According to the ruling issued by the Saitama District Court in March 2010, Koizumi stabbed to death Takehiko Yamaguchi, then 66, and his wife, Michiko, then 61, with a kitchen knife on Nov. 17, 2008, at their home in Saitama. Yamaguchi had formerly been administrative vice minister at what was known as the Ministry of Health and Welfare, which became part of the Health, Labor and Welfare Ministry.
The following day, Koizumi attacked and seriously injured Yasuko Yoshihara, the wife of another former top health bureaucrat, at their home in Tokyo’s Nakano Ward.
Justice Yamamoto said in the ruling that the defendant spent a long time picking his targets, making detailed plans about the weapons he would use and his method of attack.

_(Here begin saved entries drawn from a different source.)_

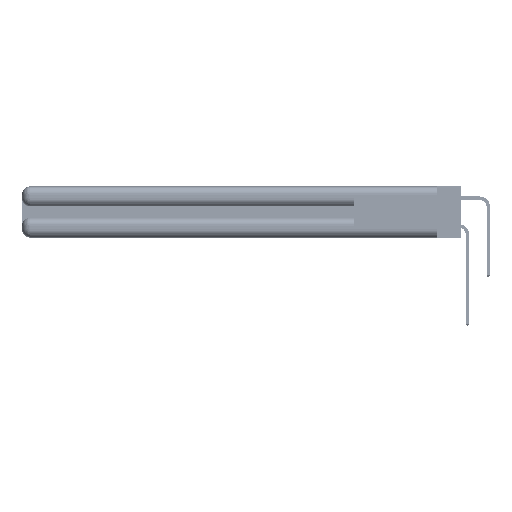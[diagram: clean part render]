
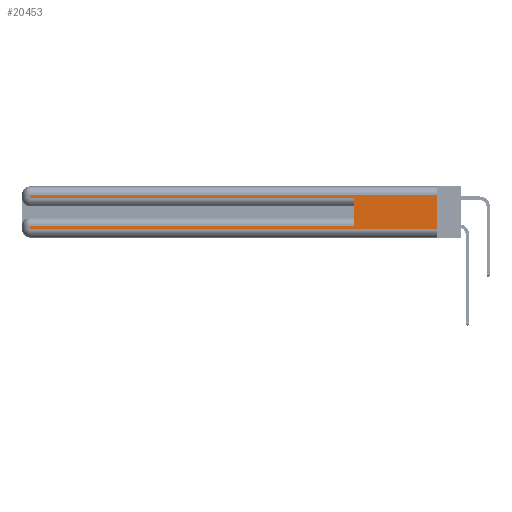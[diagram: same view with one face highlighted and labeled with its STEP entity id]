
A CAD part, left-side view. The second image highlights one B-rep face of the part: STEP entity #20453.
In plain terms, the highlighted planar face has unit normal (-1, 0, 0).
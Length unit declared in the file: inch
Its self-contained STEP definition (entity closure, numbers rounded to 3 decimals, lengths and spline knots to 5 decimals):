
#1015 = CARTESIAN_POINT ( 'NONE',  ( 0., 0., 0.085 ) ) ;
#1248 = DIRECTION ( 'NONE',  ( 1., 0., 0. ) ) ;
#1328 = EDGE_CURVE ( 'NONE', #11851, #41970, #45534, .T. ) ;
#1346 = CARTESIAN_POINT ( 'NONE',  ( 0., 2.94, 0.37 ) ) ;
#1438 = LINE ( 'NONE', #36126, #4641 ) ;
#2560 = CARTESIAN_POINT ( 'NONE',  ( 0., 2.94, 0.285 ) ) ;
#3777 = CARTESIAN_POINT ( 'NONE',  ( 0., 2.94, 0.31 ) ) ;
#3818 = EDGE_CURVE ( 'NONE', #28876, #8981, #45326, .T. ) ;
#4145 = VERTEX_POINT ( 'NONE', #29686 ) ;
#4641 = VECTOR ( 'NONE', #8013, 39.37008 ) ;
#4717 = CARTESIAN_POINT ( 'NONE',  ( 0., 0.6, 0.145 ) ) ;
#4826 = VERTEX_POINT ( 'NONE', #30600 ) ;
#7633 = ORIENTED_EDGE ( 'NONE', *, *, #1328, .T. ) ;
#8013 = DIRECTION ( 'NONE',  ( 0., 0., -1. ) ) ;
#8063 = ORIENTED_EDGE ( 'NONE', *, *, #15624, .T. ) ;
#8981 = VERTEX_POINT ( 'NONE', #48011 ) ;
#10778 = EDGE_CURVE ( 'NONE', #16996, #11851, #19270, .T. ) ;
#11548 = EDGE_CURVE ( 'NONE', #4145, #16996, #48579, .T. ) ;
#11851 = VERTEX_POINT ( 'NONE', #38462 ) ;
#12385 = LINE ( 'NONE', #4717, #16868 ) ;
#15624 = EDGE_CURVE ( 'NONE', #44181, #28876, #1438, .T. ) ;
#16868 = VECTOR ( 'NONE', #38004, 39.37008 ) ;
#16996 = VERTEX_POINT ( 'NONE', #21594 ) ;
#17391 = ORIENTED_EDGE ( 'NONE', *, *, #48923, .F. ) ;
#17892 = CARTESIAN_POINT ( 'NONE',  ( 0., 0., 0.37 ) ) ;
#18139 = CARTESIAN_POINT ( 'NONE',  ( 0., 0., 0.06 ) ) ;
#18340 = DIRECTION ( 'NONE',  ( 0., 0., -1. ) ) ;
#18351 = ORIENTED_EDGE ( 'NONE', *, *, #10778, .T. ) ;
#18421 = AXIS2_PLACEMENT_3D ( 'NONE', #17892, #1248, #50765 ) ;
#19270 = LINE ( 'NONE', #1346, #21160 ) ;
#20237 = CARTESIAN_POINT ( 'NONE',  ( 0., 0., 0.285 ) ) ;
#20453 = ADVANCED_FACE ( 'NONE', ( #48134 ), #50398, .F. ) ;
#21160 = VECTOR ( 'NONE', #18340, 39.37008 ) ;
#21594 = CARTESIAN_POINT ( 'NONE',  ( 0., 2.94, 0.085 ) ) ;
#22374 = ORIENTED_EDGE ( 'NONE', *, *, #3818, .T. ) ;
#23026 = DIRECTION ( 'NONE',  ( 0., 0., -1. ) ) ;
#26657 = EDGE_CURVE ( 'NONE', #4145, #8981, #12385, .T. ) ;
#28876 = VERTEX_POINT ( 'NONE', #2560 ) ;
#29686 = CARTESIAN_POINT ( 'NONE',  ( 0., 0.6, 0.085 ) ) ;
#30539 = DIRECTION ( 'NONE',  ( 0., 1., 0. ) ) ;
#30600 = CARTESIAN_POINT ( 'NONE',  ( 0., 0., 0.31 ) ) ;
#30826 = LINE ( 'NONE', #47468, #45482 ) ;
#31413 = ORIENTED_EDGE ( 'NONE', *, *, #40158, .T. ) ;
#32625 = VECTOR ( 'NONE', #40871, 39.37008 ) ;
#33570 = CARTESIAN_POINT ( 'NONE',  ( 0., 0., 0.31 ) ) ;
#36126 = CARTESIAN_POINT ( 'NONE',  ( 0., 2.94, 0.37 ) ) ;
#36463 = VECTOR ( 'NONE', #40780, 39.37008 ) ;
#38004 = DIRECTION ( 'NONE',  ( 0., 0., 1. ) ) ;
#38462 = CARTESIAN_POINT ( 'NONE',  ( 0., 2.94, 0.06 ) ) ;
#40158 = EDGE_CURVE ( 'NONE', #4826, #44181, #44617, .T. ) ;
#40780 = DIRECTION ( 'NONE',  ( 0., -1., 0. ) ) ;
#40871 = DIRECTION ( 'NONE',  ( 0., 1., 0. ) ) ;
#41970 = VERTEX_POINT ( 'NONE', #18139 ) ;
#44072 = DIRECTION ( 'NONE',  ( 0., -1., 0. ) ) ;
#44181 = VERTEX_POINT ( 'NONE', #3777 ) ;
#44617 = LINE ( 'NONE', #33570, #45899 ) ;
#45000 = ORIENTED_EDGE ( 'NONE', *, *, #26657, .F. ) ;
#45326 = LINE ( 'NONE', #20237, #36463 ) ;
#45482 = VECTOR ( 'NONE', #23026, 39.37008 ) ;
#45534 = LINE ( 'NONE', #51606, #52592 ) ;
#45899 = VECTOR ( 'NONE', #30539, 39.37008 ) ;
#47468 = CARTESIAN_POINT ( 'NONE',  ( 0., 0., 0.37 ) ) ;
#47697 = ORIENTED_EDGE ( 'NONE', *, *, #11548, .T. ) ;
#48011 = CARTESIAN_POINT ( 'NONE',  ( 0., 0.6, 0.285 ) ) ;
#48134 = FACE_OUTER_BOUND ( 'NONE', #51592, .T. ) ;
#48579 = LINE ( 'NONE', #1015, #32625 ) ;
#48923 = EDGE_CURVE ( 'NONE', #4826, #41970, #30826, .T. ) ;
#50398 = PLANE ( 'NONE',  #18421 ) ;
#50765 = DIRECTION ( 'NONE',  ( 0., 0., -1. ) ) ;
#51592 = EDGE_LOOP ( 'NONE', ( #17391, #31413, #8063, #22374, #45000, #47697, #18351, #7633 ) ) ;
#51606 = CARTESIAN_POINT ( 'NONE',  ( 0., 0., 0.06 ) ) ;
#52592 = VECTOR ( 'NONE', #44072, 39.37008 ) ;

He also said the defendant stabbed them several times in a cruel manner.
During the court hearings, the defendant argued that he attacked the victims to avenge his pet dog, which was put down at a public health institute when he was a child.
Koizumi’s defense counsel had urged the top court to refrain from issuing the death penalty, noting the defendant was suffering from mental disorders at the time of the attacks.
During his trial at the Tokyo High Court, Koizumi pleaded not guilty, saying he had killed not humans, but evil entities.